BAHARI BEKLERKEN Hüseyin Öğretmen Artvin’e atanmıştı. Kendisini sevdirdi yeni tanıdıklara. Derin dostluklar kurdu. Ev sahibi ile de dost olmuştu. Hüseyin’i evladı gibi seven ev sahibi artık evlilik zamanının geldiğini söyleyerek onu Melahat ile tanıştırdı. İki genç birbirlerini beğendi ve evlenmeye karar verdiler. Hüseyin bu durumu ailesine bildirdi ama ailesi bu durumdan hiç memnun olmadı. Şiddetle karşı çıktılar. Çünkü kendilerinin de bir gelin adayı vardı. Tüm engelleme çabalarına rağmen Hüseyin Melahat ile evlendi. Uzun yıllar evli kaldılar ve iki çocukları oldu. Yaşananlar çeşitli problemler doğuruyor, problemler, beraberinde sağlık sorunlarını getiriyordu. Yıl, 1984. Bir gün kapı çalındı. Gelen kendisinden 12 yaş küçük, ama gençlik yıllarında birlikte futbol oynadıkları Sami Demirtuna idi. Sami yıllardır Almanya’da çalışıyordu. Orada meslek okuluna gitmiş, terapist olmuştu. Sami, “Nasılsın ağabey,” diye sorunca. Hüseyin, ona uzun uzun baktı… Bakışlarında hayata karşı duyduğu küskünlüğü, kırgınlığı ve tükenmişliği vardı. Cılız bir sesle, “Yorgunum dostum, yorgunum. Vefasız yıllara, vefasız yakınlarıma dargınım ,” dedi. Sami, Hüseyin’in elini tuttu, “Merak etme iyileşeceksin, yine tüm dostlar bir araya geleceğiz,” dedi. Sonra kalktı, kapıda veda ederken, Melahat Hanım, hastalığın adını söyledi: Kanser.
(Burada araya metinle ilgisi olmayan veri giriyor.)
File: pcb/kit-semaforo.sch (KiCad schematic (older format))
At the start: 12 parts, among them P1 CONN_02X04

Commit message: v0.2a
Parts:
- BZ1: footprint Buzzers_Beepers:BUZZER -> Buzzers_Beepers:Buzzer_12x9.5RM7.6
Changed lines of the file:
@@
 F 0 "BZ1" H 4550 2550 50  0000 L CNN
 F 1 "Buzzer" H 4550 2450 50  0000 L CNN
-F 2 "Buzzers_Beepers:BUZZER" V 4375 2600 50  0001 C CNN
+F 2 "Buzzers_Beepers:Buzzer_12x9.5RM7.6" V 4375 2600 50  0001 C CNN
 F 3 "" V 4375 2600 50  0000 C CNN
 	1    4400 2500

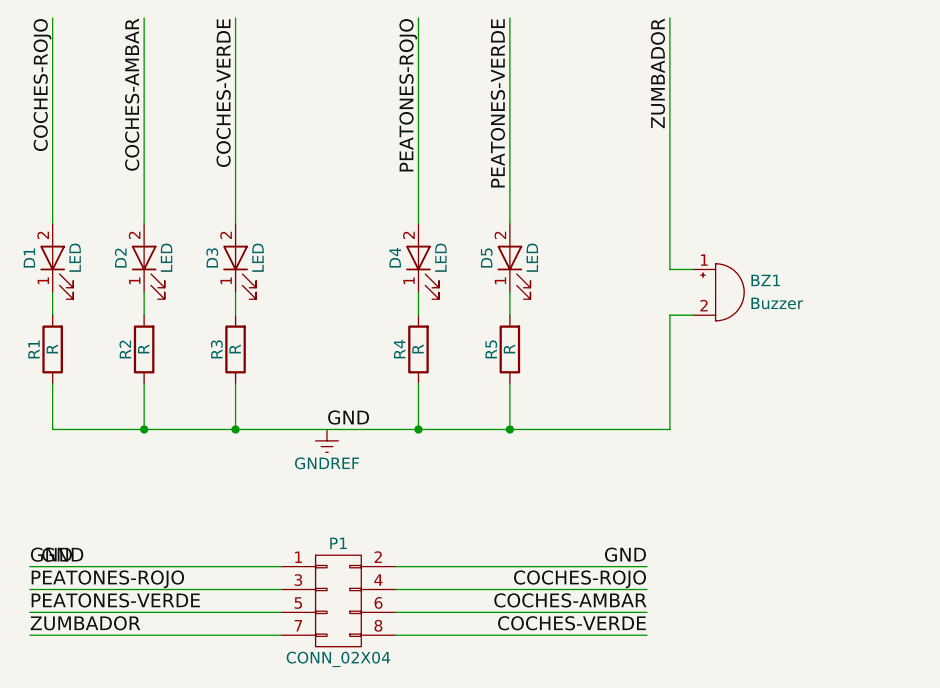
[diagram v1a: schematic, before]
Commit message: 0.3a Añadido botón para peatones
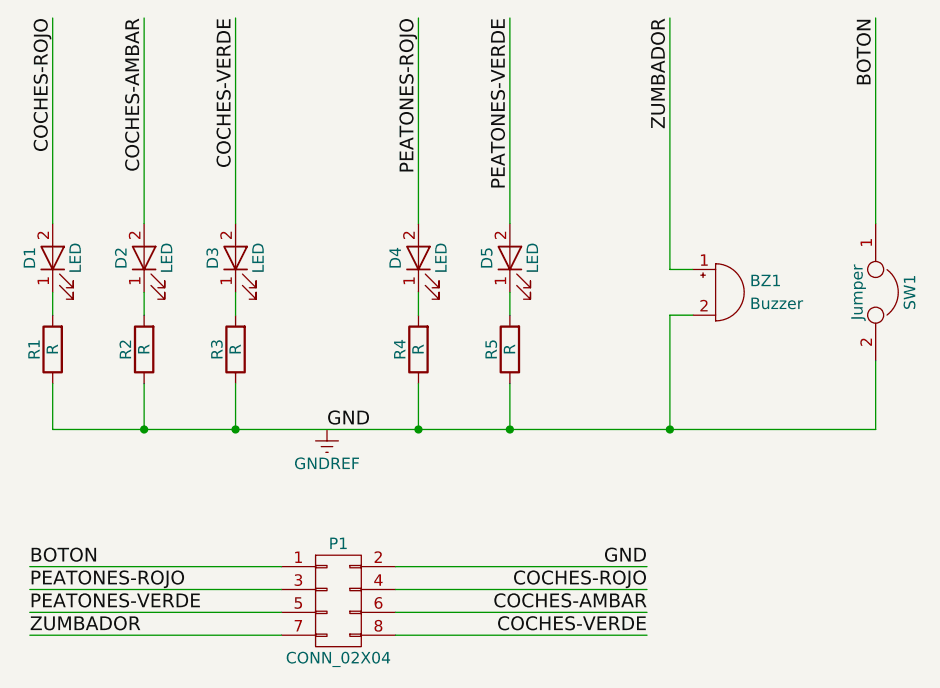
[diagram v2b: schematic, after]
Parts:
- added SW1: Jumper, Buttons_Switches_THT:SW_PUSH_6mm, symbol Jumper
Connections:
- net GNDREF: now also SW1.2; no longer P1.1 (P1)
- new net BOTON: P1.1 (P1), SW1.1
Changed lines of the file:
@@
 	1500 2900 1500 3100
 Wire Wire Line
-	1500 3100 4200 3100
+	1500 3100 5100 3100
 Wire Wire Line
 	3500 3100 3500 2900
@@
 Text Label 4100 3800 2    60   ~ 0
 COCHES-ROJO
-Text Label 1450 3700 0    60   ~ 0
+Text Label 4100 3700 2    60   ~ 0
 GND
 Text Label 1400 3700 0    60   ~ 0
-GND
-Text Label 4100 3700 2    60   ~ 0
-GND
+BOTON
+$Comp
+L Jumper SW1
+U 1 1 59328FB2
+P 5100 2500
+F 0 "SW1" H 5100 2650 50  0000 C CNN
+F 1 "Jumper" H 5100 2420 50  0000 C CNN
+F 2 "Buttons_Switches_THT:SW_PUSH_6mm" H 5100 2500 50  0001 C CNN
+F 3 "" H 5100 2500 50  0001 C CNN
+	1    5100 2500
+	0    1    1    0
+$EndComp
+Wire Wire Line
+	5100 2200 5100 1300
+Wire Wire Line
+	5100 3100 5100 2800
+Connection ~ 4200 3100
+Text Label 5100 1300 3    60   ~ 0
+BOTON
 $EndSCHEMATC

Soğuk bir geceydi. Sami o gün yaşadıklarından çok etkilenmişti. Bir kağıt kalem aldı eline ve içini döktü kağıda. Şiir bittikten birkaç gün sonra, tekrar gitti arkadaşının yanına ve şiiri okudu. Hüseyin mutlu olmuştu. Sevindi, teşekkür etti. Daha sonra Sami şiiri, Selçuk Tekay’a verdi. Şiir aylar sonra şarkıya dönüştü. Sami bu sefer şarkıyı telefonda Hüseyin’e dinletmek istedi. Heyecanla çevirdi numaraları. Telefondaki ses buz gibiydi: “Hüseyin Beyi kaybettik.” Baharı beklerken ömrüm kış oldu Gözümde her zaman biraz yaş oldu En güzel duygular bana düş oldu Yorgunum dostlarım yorgunum artık Vefasız yıllara dargınım artık Tutmadı ellerim sıcak elleri Duymadım aşk denen tatlı sözleri Taşıdım gönlümde acı izleri Yorgunum dostlarım yorgunum artık Vefasız yıllara dargınım artık İçimde ateşler söndü kül oldu Aşk bahçem kurudu sanki çöl oldu Yar bildim o bile bana el oldu Yorgunum dostlarım, yorgunum artık Vefasız yıllara dargınım artık. HÜSEYİN’E KENDİNİ ANLATAN ŞARKIYI DİNLEMEK KISMET OLMADI. • AMA SİZ O ŞARKIYI SÖYLERKEN VEYA DİNLERKEN HÜSEYİNİ ANARSINIZ HERHALDE.